» EXERCISE OBJECTIVE: From the first line of the entries down to the line with "line L5 (-24, 9) -> (9, 9) construction", write out every line exactly; that last line counts, but pictures do not.

» Source records:
<<<<

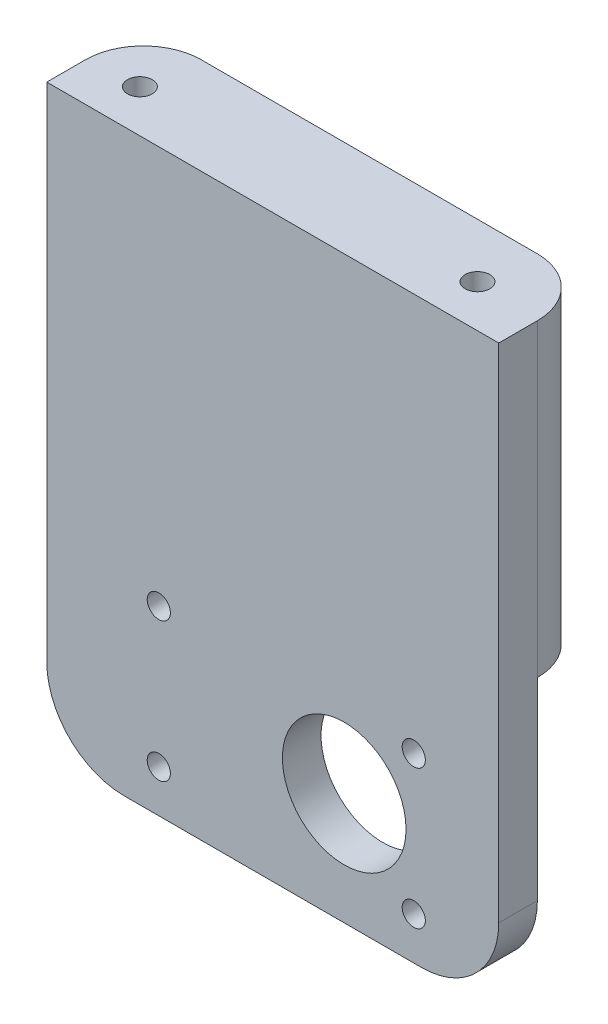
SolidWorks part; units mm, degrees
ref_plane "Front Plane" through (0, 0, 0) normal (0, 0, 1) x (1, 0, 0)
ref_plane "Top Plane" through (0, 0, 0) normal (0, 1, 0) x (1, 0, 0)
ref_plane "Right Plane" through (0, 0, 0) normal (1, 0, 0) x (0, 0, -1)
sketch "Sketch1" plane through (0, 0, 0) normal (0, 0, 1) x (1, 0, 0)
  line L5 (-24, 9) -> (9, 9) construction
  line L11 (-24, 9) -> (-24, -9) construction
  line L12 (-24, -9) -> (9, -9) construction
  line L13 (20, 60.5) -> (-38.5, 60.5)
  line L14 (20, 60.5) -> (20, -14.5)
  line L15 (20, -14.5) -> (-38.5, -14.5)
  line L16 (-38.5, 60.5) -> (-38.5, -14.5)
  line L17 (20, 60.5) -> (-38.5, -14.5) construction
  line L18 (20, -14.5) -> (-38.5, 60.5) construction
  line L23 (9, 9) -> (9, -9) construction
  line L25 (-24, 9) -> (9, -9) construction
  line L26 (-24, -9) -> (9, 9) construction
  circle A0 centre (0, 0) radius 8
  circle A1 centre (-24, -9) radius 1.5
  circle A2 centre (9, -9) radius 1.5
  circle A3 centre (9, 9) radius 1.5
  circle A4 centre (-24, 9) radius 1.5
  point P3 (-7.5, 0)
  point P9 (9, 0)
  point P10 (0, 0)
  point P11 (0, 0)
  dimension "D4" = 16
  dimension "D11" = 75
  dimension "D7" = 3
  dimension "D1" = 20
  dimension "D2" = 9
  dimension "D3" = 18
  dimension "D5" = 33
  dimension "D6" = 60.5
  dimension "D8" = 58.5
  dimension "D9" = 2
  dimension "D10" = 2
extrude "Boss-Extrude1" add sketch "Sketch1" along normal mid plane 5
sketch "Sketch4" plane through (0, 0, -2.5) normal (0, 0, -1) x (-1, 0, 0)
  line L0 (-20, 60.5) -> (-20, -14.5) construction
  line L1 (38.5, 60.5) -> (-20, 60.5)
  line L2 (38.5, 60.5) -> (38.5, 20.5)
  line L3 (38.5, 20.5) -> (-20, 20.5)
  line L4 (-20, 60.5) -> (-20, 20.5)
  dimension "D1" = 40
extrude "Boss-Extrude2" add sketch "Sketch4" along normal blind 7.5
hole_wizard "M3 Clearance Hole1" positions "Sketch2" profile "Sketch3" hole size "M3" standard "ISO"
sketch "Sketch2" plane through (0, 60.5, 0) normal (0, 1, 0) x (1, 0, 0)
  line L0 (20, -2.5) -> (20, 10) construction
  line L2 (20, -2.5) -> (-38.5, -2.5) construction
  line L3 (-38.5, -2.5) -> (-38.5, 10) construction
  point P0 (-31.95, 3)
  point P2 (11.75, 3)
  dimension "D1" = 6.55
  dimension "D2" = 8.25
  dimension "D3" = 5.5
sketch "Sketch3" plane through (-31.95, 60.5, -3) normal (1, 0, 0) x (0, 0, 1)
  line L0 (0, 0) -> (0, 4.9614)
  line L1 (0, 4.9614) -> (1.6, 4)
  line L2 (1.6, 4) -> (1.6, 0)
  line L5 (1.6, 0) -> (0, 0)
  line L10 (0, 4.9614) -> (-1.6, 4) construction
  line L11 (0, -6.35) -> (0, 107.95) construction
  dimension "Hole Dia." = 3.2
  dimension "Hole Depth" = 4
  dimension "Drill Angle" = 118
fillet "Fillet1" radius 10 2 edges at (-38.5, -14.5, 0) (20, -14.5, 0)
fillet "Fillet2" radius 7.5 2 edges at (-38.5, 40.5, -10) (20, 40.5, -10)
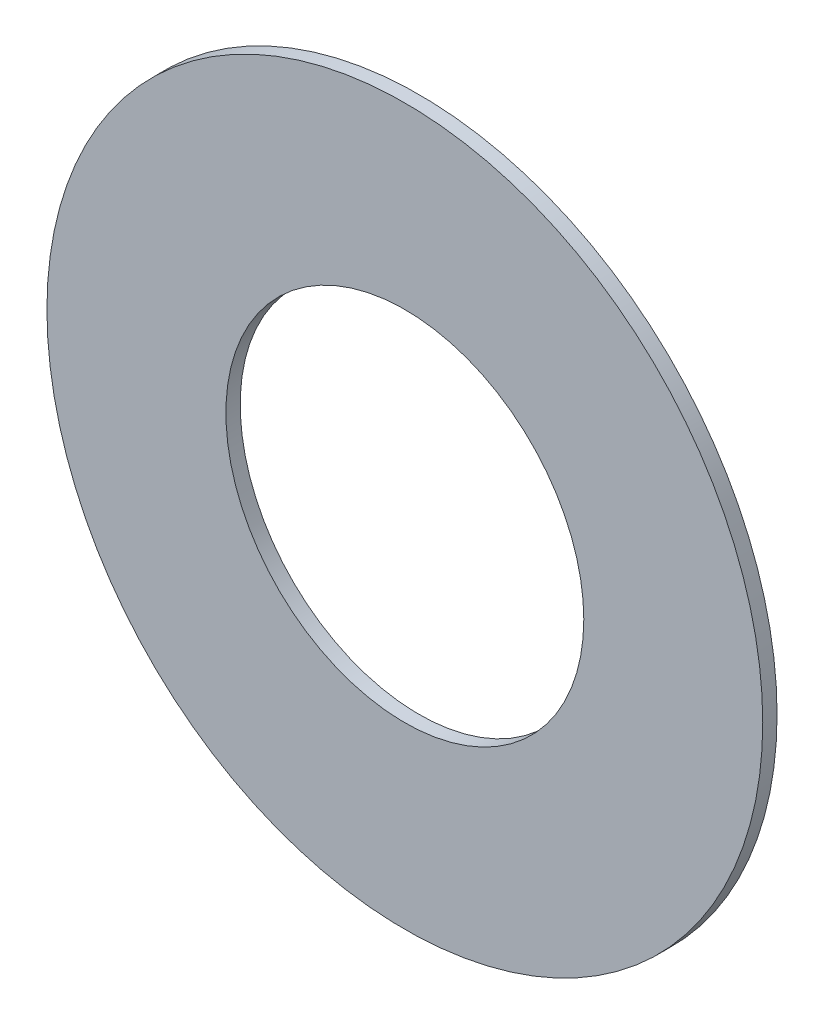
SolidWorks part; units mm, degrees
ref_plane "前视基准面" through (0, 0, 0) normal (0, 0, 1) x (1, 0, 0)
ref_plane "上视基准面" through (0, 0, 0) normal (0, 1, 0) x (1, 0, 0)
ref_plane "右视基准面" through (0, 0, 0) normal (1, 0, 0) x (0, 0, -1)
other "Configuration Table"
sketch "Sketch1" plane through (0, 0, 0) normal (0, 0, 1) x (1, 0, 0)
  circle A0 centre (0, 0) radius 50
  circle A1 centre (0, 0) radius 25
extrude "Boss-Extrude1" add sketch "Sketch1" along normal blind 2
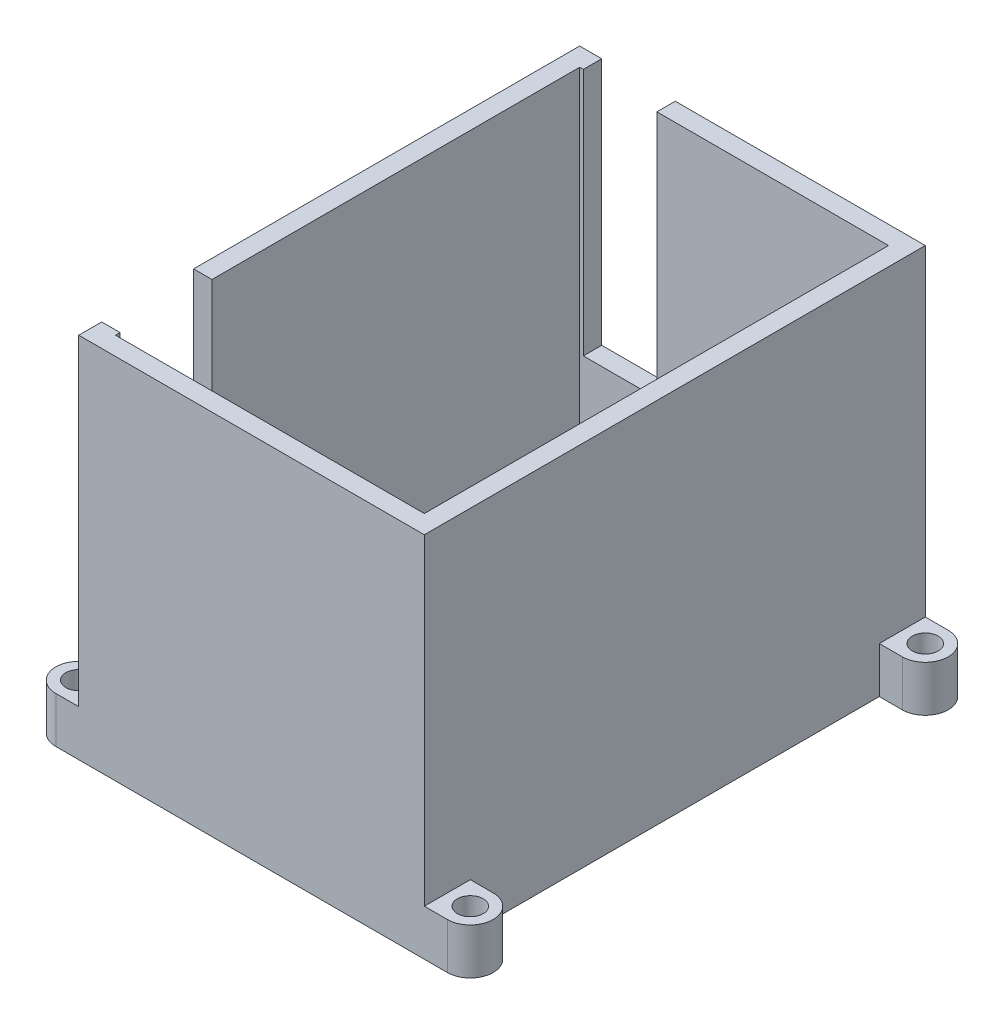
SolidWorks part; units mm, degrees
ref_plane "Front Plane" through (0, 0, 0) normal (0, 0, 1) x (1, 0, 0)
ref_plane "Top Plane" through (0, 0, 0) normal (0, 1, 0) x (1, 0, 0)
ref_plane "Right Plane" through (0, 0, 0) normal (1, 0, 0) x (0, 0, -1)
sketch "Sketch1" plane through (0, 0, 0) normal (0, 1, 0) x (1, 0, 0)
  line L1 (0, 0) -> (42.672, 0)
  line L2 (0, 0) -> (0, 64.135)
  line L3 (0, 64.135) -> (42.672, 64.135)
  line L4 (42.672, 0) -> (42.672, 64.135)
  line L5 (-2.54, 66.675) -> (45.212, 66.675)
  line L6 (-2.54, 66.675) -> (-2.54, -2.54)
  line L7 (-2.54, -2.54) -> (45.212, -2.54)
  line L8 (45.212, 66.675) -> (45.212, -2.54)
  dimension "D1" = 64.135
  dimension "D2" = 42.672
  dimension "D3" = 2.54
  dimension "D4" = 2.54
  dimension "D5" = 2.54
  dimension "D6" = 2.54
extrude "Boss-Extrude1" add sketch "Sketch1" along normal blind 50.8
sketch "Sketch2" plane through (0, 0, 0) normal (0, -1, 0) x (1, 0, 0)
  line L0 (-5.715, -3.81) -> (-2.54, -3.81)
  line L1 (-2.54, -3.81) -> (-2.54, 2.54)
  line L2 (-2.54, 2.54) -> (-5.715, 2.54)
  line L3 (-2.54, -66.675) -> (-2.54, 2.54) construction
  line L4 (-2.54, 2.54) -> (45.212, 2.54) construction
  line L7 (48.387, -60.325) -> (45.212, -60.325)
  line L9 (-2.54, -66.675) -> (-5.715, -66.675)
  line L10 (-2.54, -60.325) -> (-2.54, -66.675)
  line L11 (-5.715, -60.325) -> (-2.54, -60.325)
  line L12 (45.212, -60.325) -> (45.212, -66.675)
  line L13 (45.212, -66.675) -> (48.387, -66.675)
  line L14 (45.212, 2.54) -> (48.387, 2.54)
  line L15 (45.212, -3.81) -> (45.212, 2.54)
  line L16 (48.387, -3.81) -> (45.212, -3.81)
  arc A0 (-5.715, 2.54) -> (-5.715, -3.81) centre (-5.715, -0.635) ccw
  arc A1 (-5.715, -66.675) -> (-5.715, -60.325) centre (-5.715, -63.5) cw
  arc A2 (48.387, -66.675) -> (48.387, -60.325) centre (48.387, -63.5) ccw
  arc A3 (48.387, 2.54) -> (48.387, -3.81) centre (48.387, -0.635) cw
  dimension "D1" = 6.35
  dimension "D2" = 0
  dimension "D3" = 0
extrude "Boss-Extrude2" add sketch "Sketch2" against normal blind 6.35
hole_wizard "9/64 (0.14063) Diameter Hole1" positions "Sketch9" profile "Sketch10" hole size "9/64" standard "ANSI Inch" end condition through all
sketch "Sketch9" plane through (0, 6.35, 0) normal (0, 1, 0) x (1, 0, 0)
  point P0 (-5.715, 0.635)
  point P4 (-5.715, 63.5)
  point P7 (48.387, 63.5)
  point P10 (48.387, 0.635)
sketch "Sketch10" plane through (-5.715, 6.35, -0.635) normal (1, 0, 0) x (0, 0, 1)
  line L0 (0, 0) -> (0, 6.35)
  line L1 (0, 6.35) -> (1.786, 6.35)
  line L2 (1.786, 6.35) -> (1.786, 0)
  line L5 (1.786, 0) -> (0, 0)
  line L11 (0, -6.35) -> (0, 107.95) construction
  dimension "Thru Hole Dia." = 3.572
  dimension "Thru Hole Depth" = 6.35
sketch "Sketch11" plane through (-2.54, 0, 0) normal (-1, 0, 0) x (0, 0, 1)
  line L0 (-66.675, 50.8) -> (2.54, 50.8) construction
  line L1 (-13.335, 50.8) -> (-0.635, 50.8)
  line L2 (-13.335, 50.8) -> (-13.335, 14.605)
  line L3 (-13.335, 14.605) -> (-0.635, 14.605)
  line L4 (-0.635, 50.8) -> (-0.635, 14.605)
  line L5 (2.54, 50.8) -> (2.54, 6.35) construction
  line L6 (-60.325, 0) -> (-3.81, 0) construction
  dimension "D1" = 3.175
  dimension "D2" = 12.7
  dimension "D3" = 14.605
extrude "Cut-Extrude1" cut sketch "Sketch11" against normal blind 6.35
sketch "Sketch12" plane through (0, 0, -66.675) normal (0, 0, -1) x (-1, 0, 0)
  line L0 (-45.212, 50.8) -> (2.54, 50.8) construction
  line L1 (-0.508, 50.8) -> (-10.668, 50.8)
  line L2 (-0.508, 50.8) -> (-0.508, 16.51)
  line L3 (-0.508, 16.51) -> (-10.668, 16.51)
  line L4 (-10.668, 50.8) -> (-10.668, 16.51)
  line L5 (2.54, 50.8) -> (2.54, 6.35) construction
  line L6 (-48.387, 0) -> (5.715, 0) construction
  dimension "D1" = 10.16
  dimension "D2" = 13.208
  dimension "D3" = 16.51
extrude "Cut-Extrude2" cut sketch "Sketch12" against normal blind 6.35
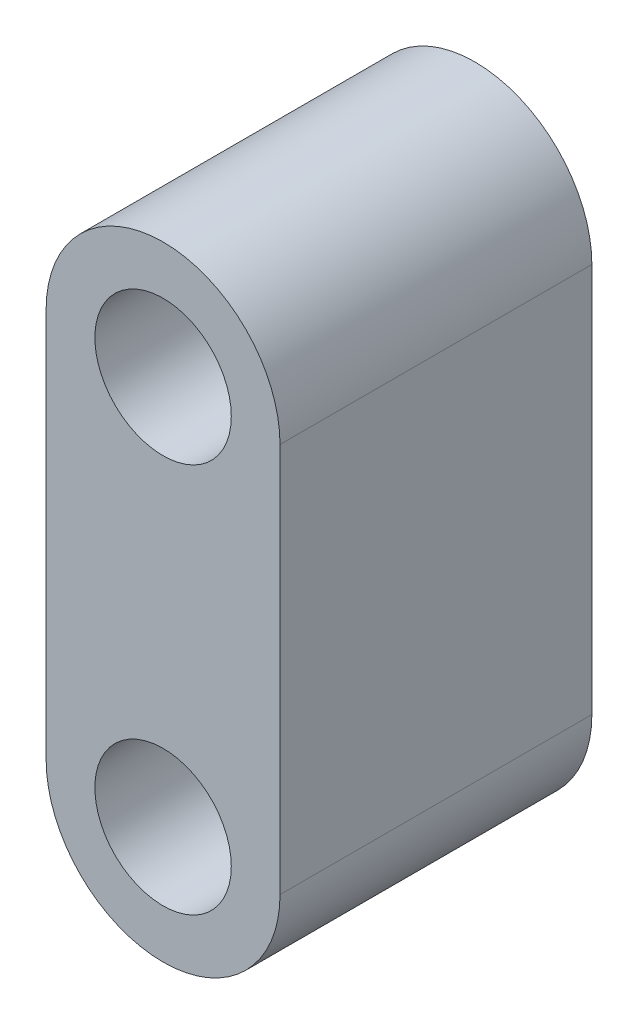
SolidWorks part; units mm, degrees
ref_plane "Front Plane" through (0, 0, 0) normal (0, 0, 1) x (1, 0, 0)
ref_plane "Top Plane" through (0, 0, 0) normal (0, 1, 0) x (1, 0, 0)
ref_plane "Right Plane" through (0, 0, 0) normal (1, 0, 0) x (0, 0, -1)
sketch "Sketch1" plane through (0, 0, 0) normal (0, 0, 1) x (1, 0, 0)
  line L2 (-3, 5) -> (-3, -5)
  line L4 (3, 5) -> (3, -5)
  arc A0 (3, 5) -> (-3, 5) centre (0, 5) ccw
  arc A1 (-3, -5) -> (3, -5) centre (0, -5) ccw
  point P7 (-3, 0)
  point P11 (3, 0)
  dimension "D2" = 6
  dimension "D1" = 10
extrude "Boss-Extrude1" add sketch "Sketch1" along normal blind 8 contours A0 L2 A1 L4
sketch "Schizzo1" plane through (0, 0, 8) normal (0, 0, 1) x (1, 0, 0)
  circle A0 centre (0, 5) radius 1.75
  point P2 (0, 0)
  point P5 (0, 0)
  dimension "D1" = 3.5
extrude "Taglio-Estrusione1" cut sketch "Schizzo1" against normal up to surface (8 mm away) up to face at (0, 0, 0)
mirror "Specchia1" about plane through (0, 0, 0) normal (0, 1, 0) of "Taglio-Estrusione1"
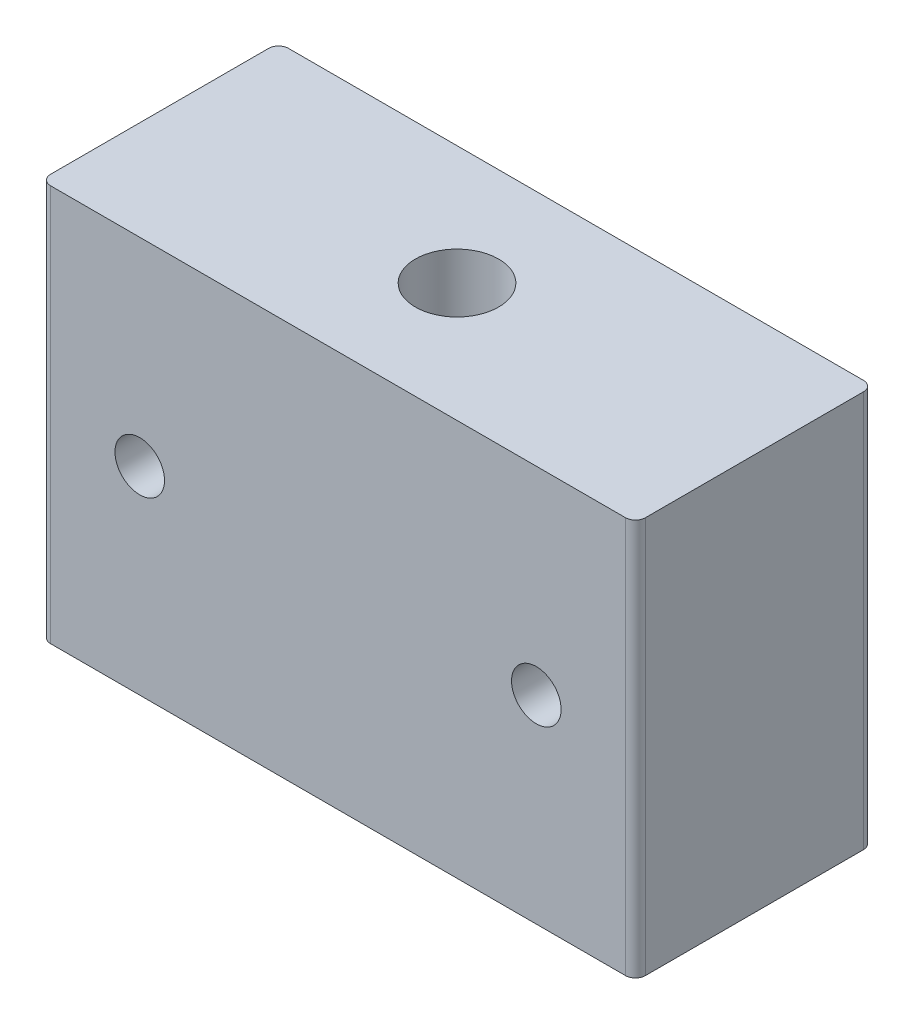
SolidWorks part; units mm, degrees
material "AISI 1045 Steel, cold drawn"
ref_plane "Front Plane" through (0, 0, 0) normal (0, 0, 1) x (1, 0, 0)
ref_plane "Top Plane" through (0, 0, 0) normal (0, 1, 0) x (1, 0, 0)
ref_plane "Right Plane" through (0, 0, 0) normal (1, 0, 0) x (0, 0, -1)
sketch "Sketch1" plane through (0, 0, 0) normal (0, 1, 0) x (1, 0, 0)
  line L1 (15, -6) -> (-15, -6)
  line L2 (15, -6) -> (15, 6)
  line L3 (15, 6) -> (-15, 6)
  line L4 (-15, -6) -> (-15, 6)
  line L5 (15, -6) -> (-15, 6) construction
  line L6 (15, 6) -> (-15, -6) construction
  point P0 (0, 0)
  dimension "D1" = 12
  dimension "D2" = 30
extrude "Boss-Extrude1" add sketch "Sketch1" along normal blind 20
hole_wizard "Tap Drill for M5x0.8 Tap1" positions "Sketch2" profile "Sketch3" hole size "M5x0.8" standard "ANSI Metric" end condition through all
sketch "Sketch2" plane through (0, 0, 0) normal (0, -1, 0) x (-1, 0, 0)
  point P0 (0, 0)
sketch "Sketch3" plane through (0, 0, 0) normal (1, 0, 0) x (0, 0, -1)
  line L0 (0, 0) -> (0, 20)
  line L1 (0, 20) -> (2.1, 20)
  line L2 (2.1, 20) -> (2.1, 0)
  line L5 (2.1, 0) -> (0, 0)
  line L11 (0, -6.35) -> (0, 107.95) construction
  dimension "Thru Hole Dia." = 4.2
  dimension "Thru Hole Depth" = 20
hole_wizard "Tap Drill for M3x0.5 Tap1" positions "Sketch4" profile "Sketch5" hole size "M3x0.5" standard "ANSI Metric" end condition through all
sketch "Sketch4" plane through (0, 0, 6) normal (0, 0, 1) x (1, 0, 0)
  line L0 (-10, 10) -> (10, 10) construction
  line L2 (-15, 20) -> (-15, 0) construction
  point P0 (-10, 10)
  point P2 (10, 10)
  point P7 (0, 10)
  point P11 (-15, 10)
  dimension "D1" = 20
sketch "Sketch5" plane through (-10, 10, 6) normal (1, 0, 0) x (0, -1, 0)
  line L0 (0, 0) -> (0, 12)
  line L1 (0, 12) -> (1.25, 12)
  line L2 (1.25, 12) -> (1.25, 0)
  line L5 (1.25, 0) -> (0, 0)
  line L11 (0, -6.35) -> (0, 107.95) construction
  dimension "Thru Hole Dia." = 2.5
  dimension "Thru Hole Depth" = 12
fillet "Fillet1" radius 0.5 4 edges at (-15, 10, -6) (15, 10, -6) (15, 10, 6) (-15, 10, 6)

>>>>

» ANSWER BELOW:
SolidWorks part; units mm, degrees
ref_plane "Front Plane" through (0, 0, 0) normal (0, 0, 1) x (1, 0, 0)
ref_plane "Top Plane" through (0, 0, 0) normal (0, 1, 0) x (1, 0, 0)
ref_plane "Right Plane" through (0, 0, 0) normal (1, 0, 0) x (0, 0, -1)
sketch "Sketch1" plane through (0, 0, 0) normal (0, 0, 1) x (1, 0, 0)
  line L5 (-24, 9) -> (9, 9) construction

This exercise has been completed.